The eleventh-hour hunt for the perfect gift – or anything that fits – can be a retail battleground pitting panicky procrastinators against seasoned bargain-hunters. But what drives this last-minute holiday mayhem?

Retail watchers say the economy has caused more shoppers to delay. To be sure, there are bargains aplenty for latecomers: up to 60 percent off at some Gap, 70 stores percent off at some Foot Lockers. Stores are staying open late, too, offering last-minute deals. Many Walgreens outlets will keep their lights on until midnight on Christmas Eve in hopes of cashing in on procrastination. And early reports suggest there is a late Christmas sales surge.

But is the Christmas Eve mad dash a guy thing, too?

The National Retail Federal found that more men have put off shopping this year than women. A recent survey showed that 21.4 percent of the men hadn’t even started Christmas shopping by Dec. 9 compared with 17 percent of women.

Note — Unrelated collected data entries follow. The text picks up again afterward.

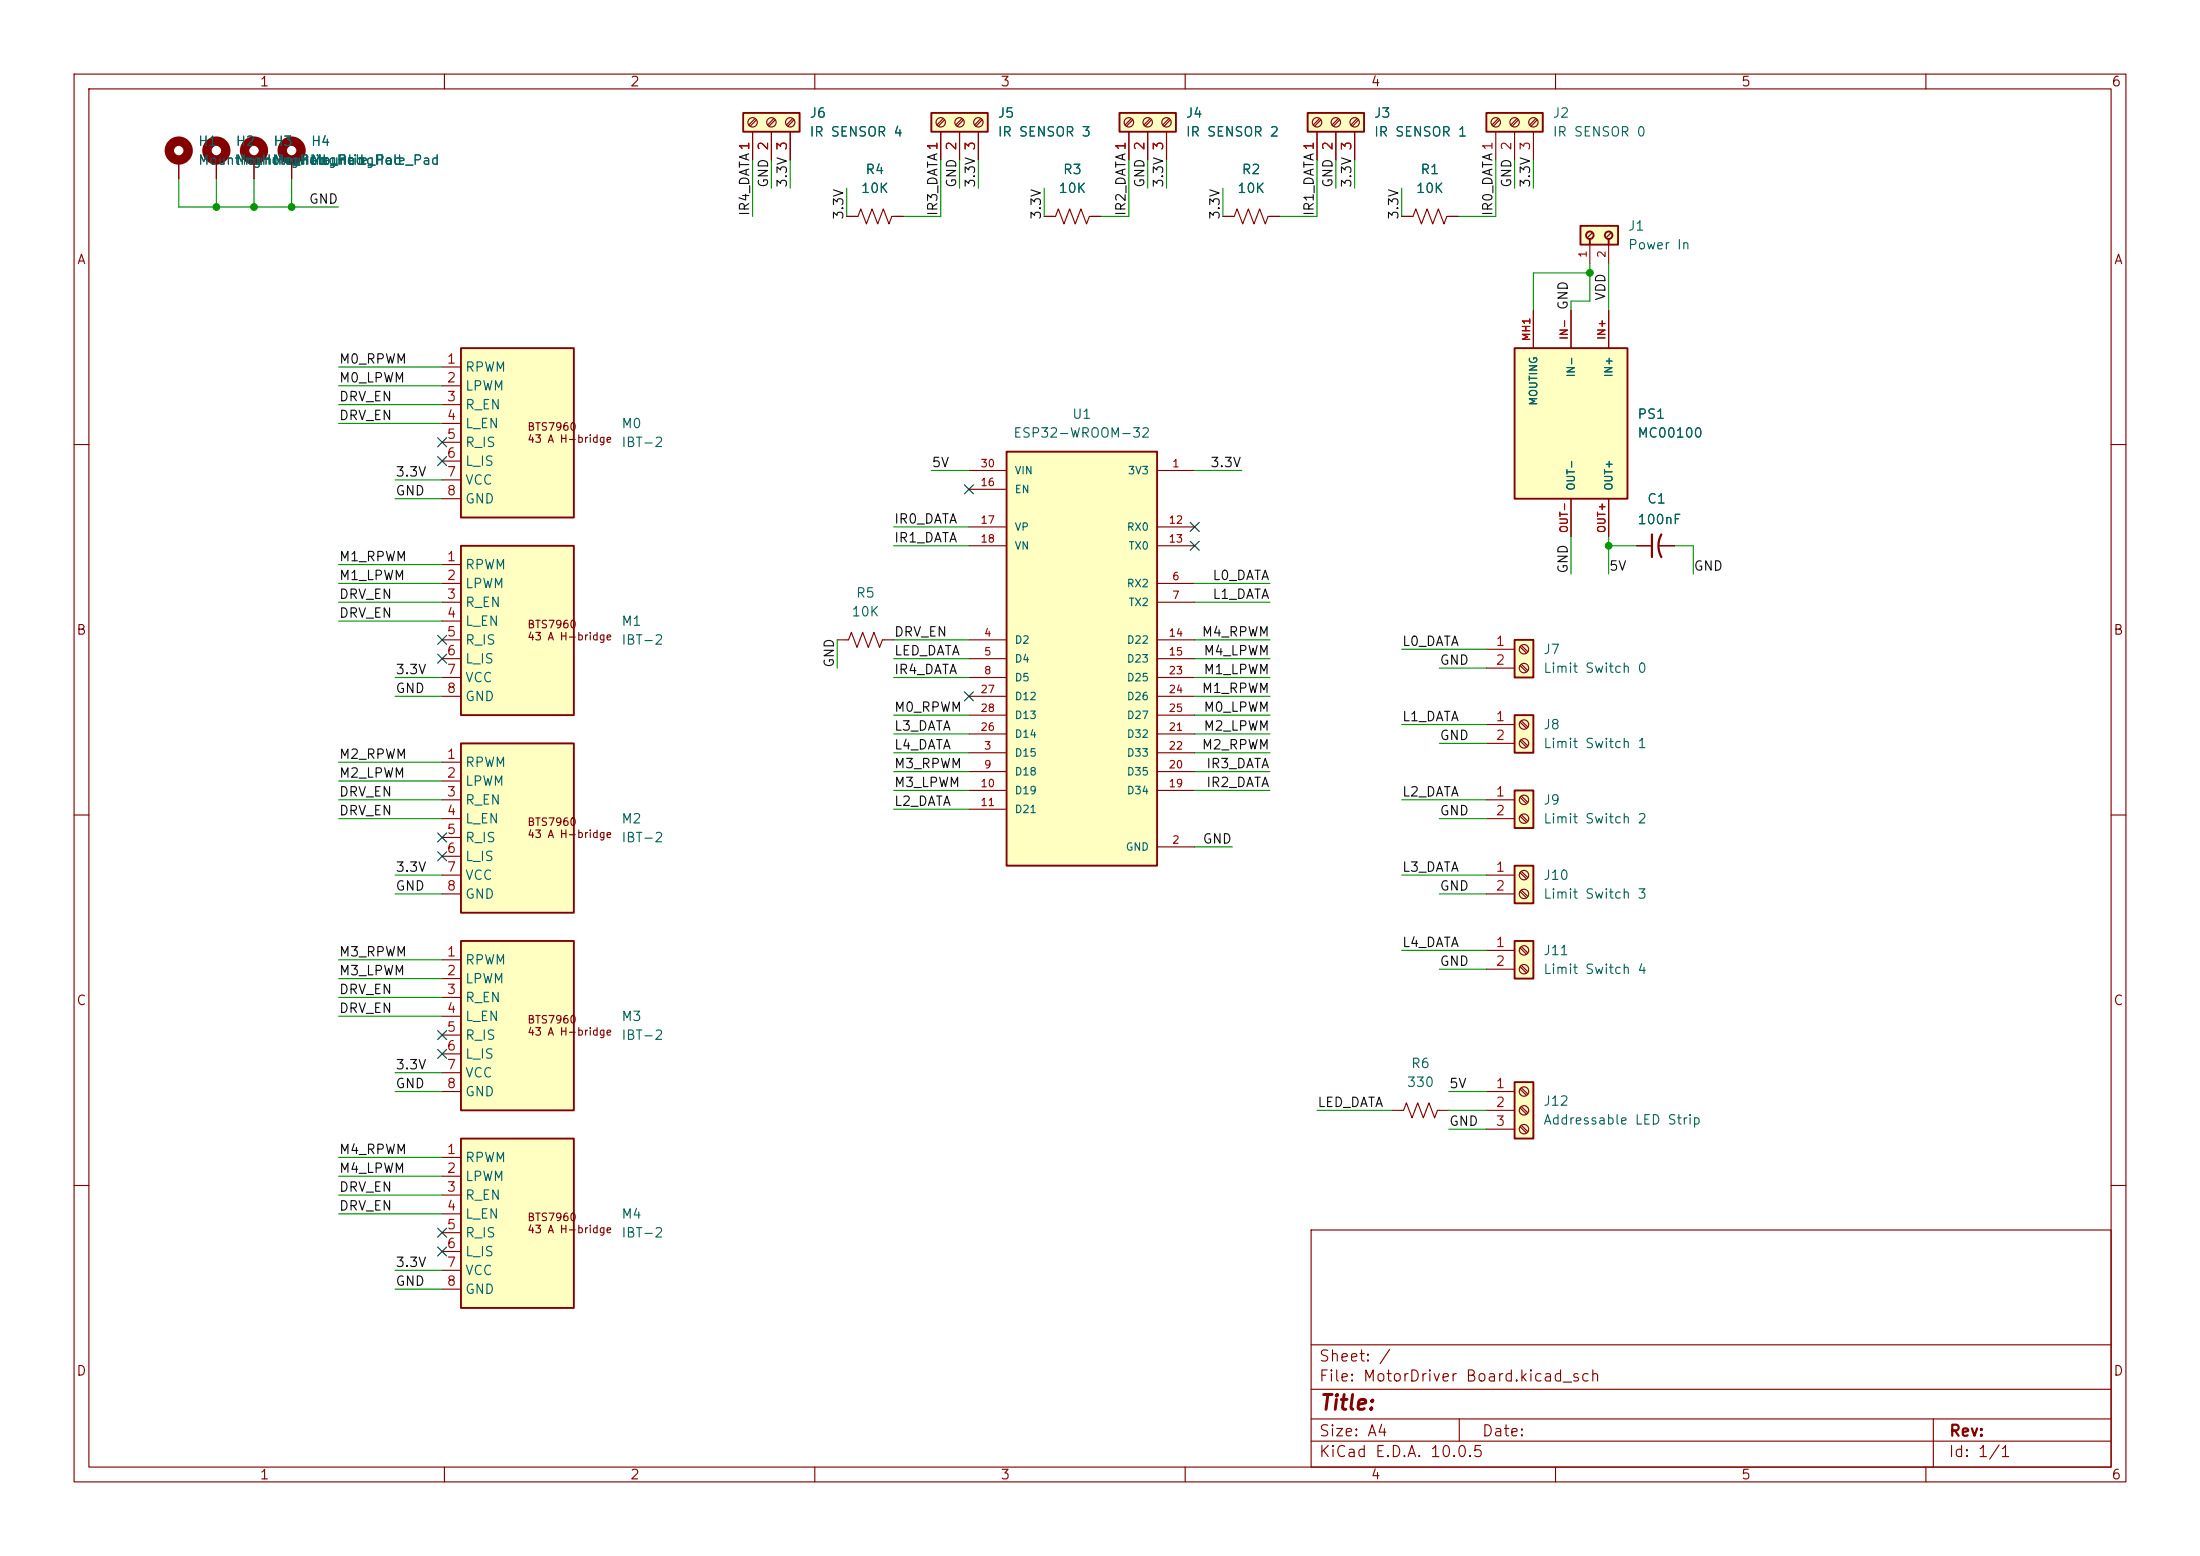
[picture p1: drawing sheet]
<svg xmlns="http://www.w3.org/2000/svg" width="297mm" height="210mm" viewBox="0 0 297 210" stroke-linecap="round" stroke-linejoin="round" font-family="sans-serif">
<g fill="none" stroke="#840000" stroke-width=".15">
<path d="M10 10h277v190h-277zM12 12h273v186h-273zM60 10v2M110 10v2M160 10v2M210 10v2M260 10v2M24.1 21.6v2.5M10 60h2M285 60h2M10 110h2M285 110h2"/>
<path d="M10 160h2M177 166h108v32h-108zM285 160h2M60 198v2M110 198v2M160 198v2M177 194.5h108M177 191.5h108M177 187.5h108M177 181.5h108M197 191.5v3M210 198v2"/>
<path d="M260 198v2M261 191.5v6.5"/>
</g>
<circle cx="24.1" cy="20.3" r="1.27" fill="none" stroke="#840000" stroke-width="1.3"/>
<path d="M204.5 96.5h2.5v5.1h-2.5z" fill="#ffffc2"/>
<path d="M204.5 96.5h2.5v5.1h-2.5z" fill="none" stroke="#840000" stroke-width=".25"/>
<g fill="none" stroke="#840000" stroke-width=".15">
<path d="M200.7 97.8h3.8M205.2 97.5l.9 .8M205.2 100l.9 .8M205.4 97.3l.8 .8M205.4 99.8l.8 .9M200.7 100.3h3.8"/>
<circle cx="205.7" cy="97.8" r=".63"/>
<circle cx="205.7" cy="100.3" r=".63"/>
</g>
<path d="M204.5 146.1h2.5v7.6h-2.5z" fill="#ffffc2"/>
<path d="M204.5 146.1h2.5v7.6h-2.5z" fill="none" stroke="#840000" stroke-width=".25"/>
<g fill="none" stroke="#840000" stroke-width=".15">
<path d="M29.2 21.6v2.5M200.7 147.3h3.8M200.7 149.9h3.8M200.7 152.4h3.8M205.2 147l.9 .8M205.2 149.5l.9 .9M205.2 152.1l.9 .8M205.4 146.8l.8 .9M205.4 149.4l.8 .8M205.4 151.9l.8 .8"/>
<circle cx="205.7" cy="149.9" r=".63"/>
<circle cx="205.7" cy="152.4" r=".63"/>
<circle cx="205.7" cy="147.3" r=".63"/>
</g>
<circle cx="29.2" cy="20.3" r="1.27" fill="none" stroke="#840000" stroke-width="1.3"/>
<path d="M135.9 61h20.3v55.8h-20.3z" fill="#ffffc2"/>
<path d="M135.9 61h20.3v55.8h-20.3z" fill="none" stroke="#840000" stroke-width=".25"/>
<g fill="none" stroke="#840000" stroke-width=".15">
<path d="M130.8 63.5h5.1M130.8 71.1h5.1M130.8 73.7h5.1M130.8 66h5.1M156.2 63.5h5.1M156.2 78.7h5.1M156.2 71.1h5.1M156.2 73.7h5.1M130.8 86.4h5.1M130.8 88.9h5.1M130.8 91.4h5.1M130.8 99.1h5.1"/>
<path d="M130.8 94h5.1M130.8 96.5h5.1M156.2 86.4h5.1M156.2 88.9h5.1M156.2 81.3h5.1M156.2 91.4h5.1M156.2 99.1h5.1M156.2 94h5.1M156.2 96.5h5.1M130.8 101.6h5.1M130.8 104.1h5.1M130.8 106.7h5.1"/>
<path d="M130.8 109.2h5.1M156.2 114.3h5.1M156.2 101.6h5.1M156.2 104.1h5.1M156.2 106.7h5.1"/>
</g>
<path d="M204.5 116.8h2.5v5.1h-2.5z" fill="#ffffc2"/>
<path d="M204.5 116.8h2.5v5.1h-2.5z" fill="none" stroke="#840000" stroke-width=".25"/>
<g fill="none" stroke="#840000" stroke-width=".15">
<path d="M189.2 29.2h1.6l.3-1 .8 2 .8-2 .7 2 .8-2 .7 2 .4-1h1.5M200.7 118.1h3.8M205.2 117.8l.9 .8M205.4 117.6l.8 .8M200.7 120.7h3.8M205.2 120.3l.9 .9M205.4 120.1l.8 .9"/>
<circle cx="205.7" cy="118.1" r=".63"/>
<circle cx="205.7" cy="120.6" r=".63"/>
</g>
<path d="M204.5 106.7h2.5v5.1h-2.5z" fill="#ffffc2"/>
<path d="M204.5 106.7h2.5v5.1h-2.5z" fill="none" stroke="#840000" stroke-width=".25"/>
<g fill="none" stroke="#840000" stroke-width=".15">
<path d="M165.1 29.2h1.5l.4-1 .8 2 .7-2 .8 2 .8-2 .7 2 .4-1h1.5M200.7 108h3.8M200.7 110.5h3.8M205.2 107.6l.9 .9M205.2 110.2l.9 .8M205.4 107.4l.8 .9M205.4 110l.8 .8M188 149.9h1.5l.4-1.1 .7 2.1 .8-2.1 .8 2.1 .7-2.1 .8 2.1 .4-1h1.5"/>
<circle cx="205.7" cy="107.9" r=".63"/>
<circle cx="205.7" cy="110.5" r=".63"/>
</g>
<path d="M62.2 100.3h15.3v22.9h-15.3z" fill="#ffffc2"/>
<path d="M62.2 100.3h15.3v22.9h-15.3z" fill="none" stroke="#840000" stroke-width=".25"/>
<path d="M59.7 102.9h2.5M59.7 105.4h2.5M59.7 108h2.5M59.7 110.5h2.5M59.7 113h2.5M59.7 115.6h2.5M59.7 118.1h2.5M59.7 120.7h2.5" fill="none" stroke="#840000" stroke-width=".15"/>
<path d="M62.2 127h15.3v22.9h-15.3z" fill="#ffffc2"/>
<path d="M62.2 127h15.3v22.9h-15.3z" fill="none" stroke="#840000" stroke-width=".25"/>
<path d="M59.7 129.5h2.5M59.7 132.1h2.5M59.7 134.6h2.5M59.7 137.2h2.5M59.7 139.7h2.5M59.7 142.2h2.5M59.7 144.8h2.5M59.7 147.3h2.5" fill="none" stroke="#840000" stroke-width=".15"/>
<path d="M62.2 153.7h15.3v22.8h-15.3z" fill="#ffffc2"/>
<path d="M62.2 153.7h15.3v22.8h-15.3z" fill="none" stroke="#840000" stroke-width=".25"/>
<path d="M34.3 21.6v2.5M39.4 21.6v2.5M59.7 156.2h2.5M59.7 158.8h2.5M59.7 161.3h2.5M59.7 163.8h2.5M59.7 166.4h2.5M59.7 168.9h2.5M59.7 171.5h2.5M59.7 174h2.5" fill="none" stroke="#840000" stroke-width=".15"/>
<g fill="none" stroke="#840000" stroke-width="1.3">
<circle cx="34.3" cy="20.3" r="1.27"/>
<circle cx="39.4" cy="20.3" r="1.27"/>
</g>
<path d="M176.5 15.2h7.6v2.6h-7.6z" fill="#ffffc2"/>
<path d="M176.5 15.2h7.6v2.6h-7.6z" fill="none" stroke="#840000" stroke-width=".25"/>
<g fill="none" stroke="#840000" stroke-width=".15">
<path d="M177.8 17.8v3.8M178.1 16l-.8 .9M178.3 16.2l-.8 .8M180.3 17.8v3.8M180.7 16l-.9 .9M180.8 16.2l-.8 .8M182.9 17.8v3.8M183.2 16l-.8 .9M183.4 16.2l-.9 .8"/>
<circle cx="177.8" cy="16.5" r=".63"/>
<circle cx="180.3" cy="16.5" r=".63"/>
<circle cx="182.9" cy="16.5" r=".63"/>
</g>
<path d="M204.5 127h2.5v5.1h-2.5z" fill="#ffffc2"/>
<path d="M204.5 127h2.5v5.1h-2.5z" fill="none" stroke="#840000" stroke-width=".25"/>
<g fill="none" stroke="#840000" stroke-width=".15">
<path d="M200.7 128.3h3.8M200.7 130.8h3.8M205.2 127.9l.9 .9M205.2 130.5l.9 .8M205.4 127.8l.8 .8M205.4 130.3l.8 .8"/>
<circle cx="205.7" cy="128.3" r=".63"/>
<circle cx="205.7" cy="130.8" r=".63"/>
</g>
<path d="M125.7 15.2h7.6v2.6h-7.6z" fill="#ffffc2"/>
<path d="M125.7 15.2h7.6v2.6h-7.6z" fill="none" stroke="#840000" stroke-width=".25"/>
<g fill="none" stroke="#840000" stroke-width=".15">
<path d="M127 17.8v3.8M127.3 16l-.8 .9M127.5 16.2l-.8 .8M129.5 17.8v3.8M129.9 16l-.9 .9M130 16.2l-.8 .8M132.1 17.8v3.8M132.4 16l-.8 .9M132.6 16.2l-.9 .8M141 29.2h1.5l.4-1 .7 2 .8-2 .8 2 .7-2 .8 2 .4-1h1.5M221 73.7h2M224 73.7h2.1"/>
<circle cx="127" cy="16.5" r=".63"/>
<circle cx="129.5" cy="16.5" r=".63"/>
<circle cx="132.1" cy="16.5" r=".63"/>
</g>
<path d="M223 72.1v3.1M224.3 72.1a3.2 3.2 0 0 0 0 3.1" fill="none" stroke="#840000" stroke-width=".3"/>
<path d="M62.2 73.7h15.3v22.8h-15.3z" fill="#ffffc2"/>
<path d="M62.2 73.7h15.3v22.8h-15.3z" fill="none" stroke="#840000" stroke-width=".25"/>
<path d="M59.7 76.2h2.5M59.7 78.7h2.5M59.7 81.3h2.5M59.7 83.8h2.5M59.7 86.4h2.5M59.7 88.9h2.5M59.7 91.4h2.5M59.7 94h2.5M113 86.4h1.6l.3-1.1 .8 2.1 .8-2.1 .7 2.1 .8-2.1 .7 2.1 .4-1h1.5" fill="none" stroke="#840000" stroke-width=".15"/>
<path d="M204.5 47h15.2v20.3h-15.2z" fill="#ffffc2"/>
<path d="M204.5 47h15.2v20.3h-15.2z" fill="none" stroke="#840000" stroke-width=".25"/>
<path d="M207 41.9v5.1M212.1 41.9v5.1M217.2 41.9v5.1M212.1 67.3v5.1M217.2 67.3v5.1" fill="none" stroke="#840000" stroke-width=".15"/>
<path d="M200.7 15.2h7.6v2.6h-7.6z" fill="#ffffc2"/>
<path d="M200.7 15.2h7.6v2.6h-7.6z" fill="none" stroke="#840000" stroke-width=".25"/>
<g fill="none" stroke="#840000" stroke-width=".15">
<path d="M201.9 17.8v3.8M202.3 16l-.9 .9M202.4 16.2l-.8 .8M204.5 17.8v3.8M204.8 16l-.8 .9M205 16.2l-.9 .8M207 17.8v3.8M207.3 16l-.8 .9M207.5 16.2l-.8 .8M114.3 29.2h1.5l.4-1 .8 2 .7-2 .8 2 .8-2 .7 2 .4-1h1.5"/>
<circle cx="201.9" cy="16.5" r=".63"/>
<circle cx="204.5" cy="16.5" r=".63"/>
<circle cx="207" cy="16.5" r=".63"/>
</g>
<path d="M100.3 15.2h7.6v2.6h-7.6z" fill="#ffffc2"/>
<path d="M100.3 15.2h7.6v2.6h-7.6z" fill="none" stroke="#840000" stroke-width=".25"/>
<g fill="none" stroke="#840000" stroke-width=".15">
<path d="M101.6 17.8v3.8M101.9 16l-.8 .9M102.1 16.2l-.8 .8M104.1 17.8v3.8M104.5 16l-.9 .9M104.6 16.2l-.8 .8M106.7 17.8v3.8M107 16l-.8 .9M107.2 16.2l-.9 .8"/>
<circle cx="101.6" cy="16.5" r=".63"/>
<circle cx="104.1" cy="16.5" r=".63"/>
<circle cx="106.7" cy="16.5" r=".63"/>
</g>
<path d="M151.1 15.2h7.6v2.6h-7.6z" fill="#ffffc2"/>
<path d="M151.1 15.2h7.6v2.6h-7.6z" fill="none" stroke="#840000" stroke-width=".25"/>
<g fill="none" stroke="#840000" stroke-width=".15">
<path d="M152.4 17.8v3.8M152.7 16l-.8 .9M152.9 16.2l-.8 .8M154.9 17.8v3.8M155.3 16l-.9 .9M155.4 16.2l-.8 .8M157.5 17.8v3.8M157.8 16l-.8 .9M158 16.2l-.9 .8"/>
<circle cx="152.4" cy="16.5" r=".63"/>
<circle cx="154.9" cy="16.5" r=".63"/>
<circle cx="157.5" cy="16.5" r=".63"/>
</g>
<path d="M213.4 30.5h5v2.5h-5z" fill="#ffffc2"/>
<g fill="none" stroke="#840000" stroke-width=".25">
<path d="M213.4 30.5h5v2.5h-5zM214.6 32.3v.7M217.2 32.3v.7"/>
<circle cx="214.6" cy="31.8" r=".51"/>
<circle cx="217.2" cy="31.8" r=".51"/>
</g>
<path d="M214.6 33v2.6M214.9 31.5l-.5 .5M217.2 33v2.6M217.4 31.5l-.5 .5" fill="none" stroke="#840000" stroke-width=".15"/>
<path d="M62.2 47h15.3v22.9h-15.3z" fill="#ffffc2"/>
<path d="M62.2 47h15.3v22.9h-15.3z" fill="none" stroke="#840000" stroke-width=".25"/>
<path d="M59.7 49.5h2.5M59.7 52.1h2.5M59.7 54.6h2.5M59.7 57.2h2.5M59.7 59.7h2.5M59.7 62.2h2.5M59.7 64.8h2.5M59.7 67.3h2.5" fill="none" stroke="#840000" stroke-width=".15"/>
<path d="M204.5 86.4h2.5v5h-2.5z" fill="#ffffc2"/>
<path d="M204.5 86.4h2.5v5h-2.5z" fill="none" stroke="#840000" stroke-width=".25"/>
<g fill="none" stroke="#840000" stroke-width=".15">
<path d="M101.6 17.8v3.8M104.1 17.8v3.8M106.7 17.8v3.8M127 17.8v3.8M129.5 17.8v3.8M132.1 17.8v3.8M152.4 17.8v3.8M154.9 17.8v3.8M157.5 17.8v3.8M177.8 17.8v3.8M180.3 17.8v3.8M182.9 17.8v3.8"/>
<path d="M24.1 21.6v2.5M29.2 21.6v2.5M34.3 21.6v2.5M39.4 21.6v2.5M114.3 29.2h1.3M120.6 29.2h1.3M141 29.2h1.2M147.3 29.2h1.3M165.1 29.2h1.3M171.4 29.2h1.3M189.2 29.2h1.3M195.6 29.2h1.2"/>
<path d="M207 41.9v5.1M212.1 41.9v5.1M217.2 41.9v5.1M212.1 67.3v5.1M217.2 67.3v5.1M221 73.7h2M224 73.7h2.1M200.7 87.6h3.8M200.7 90.2h3.8M205.2 87.3l.9 .8M205.2 89.8l.9 .9M205.4 87.1l.8 .9"/>
<path d="M205.4 89.7l.8 .8"/>
<circle cx="205.7" cy="90.2" r=".63"/>
<circle cx="205.7" cy="87.6" r=".63"/>
</g>
<g fill="none" stroke="#009600" stroke-width=".15">
<path d="M24.1 24.1v3.8h21.6M29.2 24.1v3.8M34.3 24.1v3.8M39.4 24.1v3.8M101.6 21.6v7.6M104.1 21.6v3.8M106.7 21.6v3.8M114.3 25.4v3.8M127 21.6v7.6h-5.1M129.5 21.6v3.8M132.1 21.6v3.8M141 25.4v3.8"/>
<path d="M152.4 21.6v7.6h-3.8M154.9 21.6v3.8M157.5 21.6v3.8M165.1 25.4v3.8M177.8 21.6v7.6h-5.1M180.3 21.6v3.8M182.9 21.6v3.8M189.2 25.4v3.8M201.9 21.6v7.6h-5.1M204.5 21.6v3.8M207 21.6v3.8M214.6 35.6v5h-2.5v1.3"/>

In many shopping malls, salespeople agree that men represent most of the seasonal stragglers. “They're just coming in, they're getting a gift certificate ... because they save it for the very last day,” a saleswoman in Rochester, N.Y., told a local reporter.

A University of Michigan study released earlier this month suggests evolution may be to blame.

Typically, women’s shopping habit are informed by skills once used as gatherers, theorizes Daniel Kruger, research faculty at the University of Michigan’s School of Public Health. Men, he says, shop like hunters.

“The sexually divergent adaptations for gathering and hunting may be evident in reports of shopping experiences, as shopping could be considered a form of foraging in the modern consumer environment...,” the study says. “Men, in turn, will report shopping strategies and experiences that resemble hunting skills.”

That explains why women often spend more time shopping – looking for just the right item – while men are more hurried, Mr. Kruger says.

In Canada, a retail poll found that men are 50 percent more likely to put off shopping.

“I'm pretty lazy,” one man told Toronto’s CTV. “I'm a man, that's how we do it.”